▸ **REQUIRED ACTION**: From the first line of the listing below, retype each line up to and including the one with "#1=APPLICATION_CONTEXT('core data for"; pictures stay out.

▸ **TASK MATERIAL**:
- - - - -

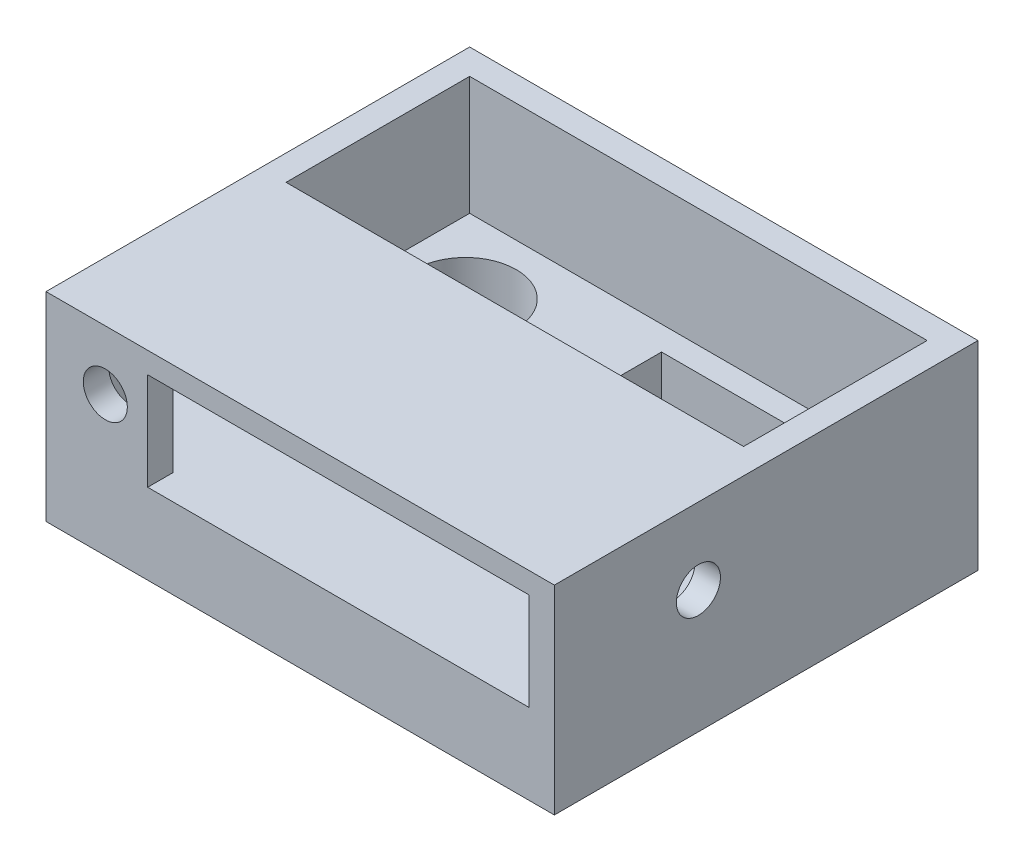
ISO-10303-21;
HEADER;
FILE_DESCRIPTION(('STEP AP214'),'2;1');
FILE_NAME('part.step','',(''),(''),'','','');
FILE_SCHEMA(('AUTOMOTIVE_DESIGN { 1 0 10303 214 1 1 1 1 }'));
ENDSEC;
DATA;
#1=APPLICATION_CONTEXT('core data for automotive mechanical design processes');
#2=APPLICATION_PROTOCOL_DEFINITION('international standard','automotive_design',2000,#1);
#3=PRODUCT_CONTEXT('',#1,'mechanical');
#4=PRODUCT('Part','Part','',(#3));
#5=PRODUCT_RELATED_PRODUCT_CATEGORY('part','',(#4));
#6=PRODUCT_DEFINITION_FORMATION('','',#4);
#7=PRODUCT_DEFINITION_CONTEXT('part definition',#1,'design');
#8=PRODUCT_DEFINITION('design','',#6,#7);
#9=PRODUCT_DEFINITION_SHAPE('','',#8);
#10=(LENGTH_UNIT() NAMED_UNIT(*) SI_UNIT(.MILLI.,.METRE.));
#11=(NAMED_UNIT(*) PLANE_ANGLE_UNIT() SI_UNIT($,.RADIAN.));
#12=(NAMED_UNIT(*) SI_UNIT($,.STERADIAN.) SOLID_ANGLE_UNIT());
#13=UNCERTAINTY_MEASURE_WITH_UNIT(LENGTH_MEASURE(1.E-05),#10,'distance_accuracy_value','');
#14=(GEOMETRIC_REPRESENTATION_CONTEXT(3) GLOBAL_UNCERTAINTY_ASSIGNED_CONTEXT((#13)) GLOBAL_UNIT_ASSIGNED_CONTEXT((#10,
#11,#12)) REPRESENTATION_CONTEXT('',''));
#15=CARTESIAN_POINT('',(0.,0.,0.));
#16=DIRECTION('',(0.,0.,1.));
#17=DIRECTION('',(1.,0.,0.));
#18=AXIS2_PLACEMENT_3D('',#15,#16,#17);
#19=CARTESIAN_POINT('',(0.,0.,0.));
#20=DIRECTION('',(0.,1.,0.));
#21=DIRECTION('',(0.,0.,1.));
#22=AXIS2_PLACEMENT_3D('',#19,#20,#21);
#23=PLANE('',#22);
#24=DIRECTION('',(0.,0.,-1.));
#25=VECTOR('',#24,1.);
#26=CARTESIAN_POINT('',(28.5,0.,5.85000000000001));
#27=LINE('',#26,#25);
#28=CARTESIAN_POINT('',(28.5,0.,18.15));
#29=VERTEX_POINT('',#28);
#30=CARTESIAN_POINT('',(28.5,0.,5.85000000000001));
#31=VERTEX_POINT('',#30);
#32=EDGE_CURVE('E347',#29,#31,#27,.T.);
#33=ORIENTED_EDGE('',*,*,#32,.F.);
#34=DIRECTION('',(-1.,0.,0.));
#35=VECTOR('',#34,1.);
#36=CARTESIAN_POINT('',(56.5,0.,18.15));
#37=LINE('',#36,#35);
#38=CARTESIAN_POINT('',(23.5,0.,18.15));
#39=VERTEX_POINT('',#38);
#40=EDGE_CURVE('E245',#29,#39,#37,.T.);
#41=ORIENTED_EDGE('',*,*,#40,.T.);
#42=DIRECTION('',(0.,0.,-1.));
#43=VECTOR('',#42,1.);
#44=CARTESIAN_POINT('',(23.5,0.,5.85000000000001));
#45=LINE('',#44,#43);
#46=CARTESIAN_POINT('',(23.5,0.,5.85000000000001));
#47=VERTEX_POINT('',#46);
#48=EDGE_CURVE('E257',#39,#47,#45,.T.);
#49=ORIENTED_EDGE('',*,*,#48,.T.);
#50=DIRECTION('',(1.,0.,0.));
#51=VECTOR('',#50,1.);
#52=CARTESIAN_POINT('',(56.5,0.,5.85000000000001));
#53=LINE('',#52,#51);
#54=EDGE_CURVE('E254',#47,#31,#53,.T.);
#55=ORIENTED_EDGE('',*,*,#54,.T.);
#56=EDGE_LOOP('',(#33,#41,#49,#55));
#57=FACE_BOUND('',#56,.T.);
#58=ADVANCED_FACE('F35',(#57),#23,.F.);
#59=CARTESIAN_POINT('',(0.,21.,0.));
#60=DIRECTION('',(1.,0.,0.));
#61=DIRECTION('',(0.,0.,-1.));
#62=AXIS2_PLACEMENT_3D('',#59,#60,#61);
#63=PLANE('',#62);
#64=DIRECTION('',(0.,-1.,0.));
#65=VECTOR('',#64,1.);
#66=CARTESIAN_POINT('',(0.,21.,50.));
#67=LINE('',#66,#65);
#68=CARTESIAN_POINT('',(0.,21.,50.));
#69=VERTEX_POINT('',#68);
#70=CARTESIAN_POINT('',(0.,-2.5,50.));
#71=VERTEX_POINT('',#70);
#72=EDGE_CURVE('E233',#69,#71,#67,.T.);
#73=ORIENTED_EDGE('',*,*,#72,.F.);
#74=DIRECTION('',(0.,0.,1.));
#75=VECTOR('',#74,1.);
#76=CARTESIAN_POINT('',(0.,21.,0.));
#77=LINE('',#76,#75);
#78=CARTESIAN_POINT('',(0.,21.,0.));
#79=VERTEX_POINT('',#78);
#80=EDGE_CURVE('E215',#79,#69,#77,.T.);
#81=ORIENTED_EDGE('',*,*,#80,.F.);
#82=DIRECTION('',(0.,-1.,0.));
#83=VECTOR('',#82,1.);
#84=CARTESIAN_POINT('',(0.,21.,0.));
#85=LINE('',#84,#83);
#86=CARTESIAN_POINT('',(0.,-2.5,0.));
#87=VERTEX_POINT('',#86);
#88=EDGE_CURVE('E227',#79,#87,#85,.T.);
#89=ORIENTED_EDGE('',*,*,#88,.T.);
#90=DIRECTION('',(0.,0.,-1.));
#91=VECTOR('',#90,1.);
#92=CARTESIAN_POINT('',(0.,-2.5,0.));
#93=LINE('',#92,#91);
#94=EDGE_CURVE('E339',#71,#87,#93,.T.);
#95=ORIENTED_EDGE('',*,*,#94,.F.);
#96=EDGE_LOOP('',(#73,#81,#89,#95));
#97=FACE_BOUND('',#96,.T.);
#98=ADVANCED_FACE('F37',(#97),#63,.F.);
#99=CARTESIAN_POINT('',(0.,21.,50.));
#100=DIRECTION('',(0.,0.,-1.));
#101=DIRECTION('',(-1.,0.,0.));
#102=AXIS2_PLACEMENT_3D('',#99,#100,#101);
#103=PLANE('',#102);
#104=DIRECTION('',(-1.,0.,0.));
#105=VECTOR('',#104,1.);
#106=CARTESIAN_POINT('',(57.,18.5,50.));
#107=LINE('',#106,#105);
#108=CARTESIAN_POINT('',(57.,18.5,50.));
#109=VERTEX_POINT('',#108);
#110=CARTESIAN_POINT('',(12.,18.5,50.));
#111=VERTEX_POINT('',#110);
#112=EDGE_CURVE('E289',#109,#111,#107,.T.);
#113=ORIENTED_EDGE('',*,*,#112,.F.);
#114=DIRECTION('',(0.,1.,0.));
#115=VECTOR('',#114,1.);
#116=CARTESIAN_POINT('',(57.,18.5,50.));
#117=LINE('',#116,#115);
#118=CARTESIAN_POINT('',(57.,7.,50.));
#119=VERTEX_POINT('',#118);
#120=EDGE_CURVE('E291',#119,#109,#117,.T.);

- - - - -

▸ **ANSWER AREA**:
ISO-10303-21;
HEADER;
FILE_DESCRIPTION(('STEP AP214'),'2;1');
FILE_NAME('part.step','',(''),(''),'','','');
FILE_SCHEMA(('AUTOMOTIVE_DESIGN { 1 0 10303 214 1 1 1 1 }'));
ENDSEC;
DATA;
#1=APPLICATION_CONTEXT('core data for automotive mechanical design processes');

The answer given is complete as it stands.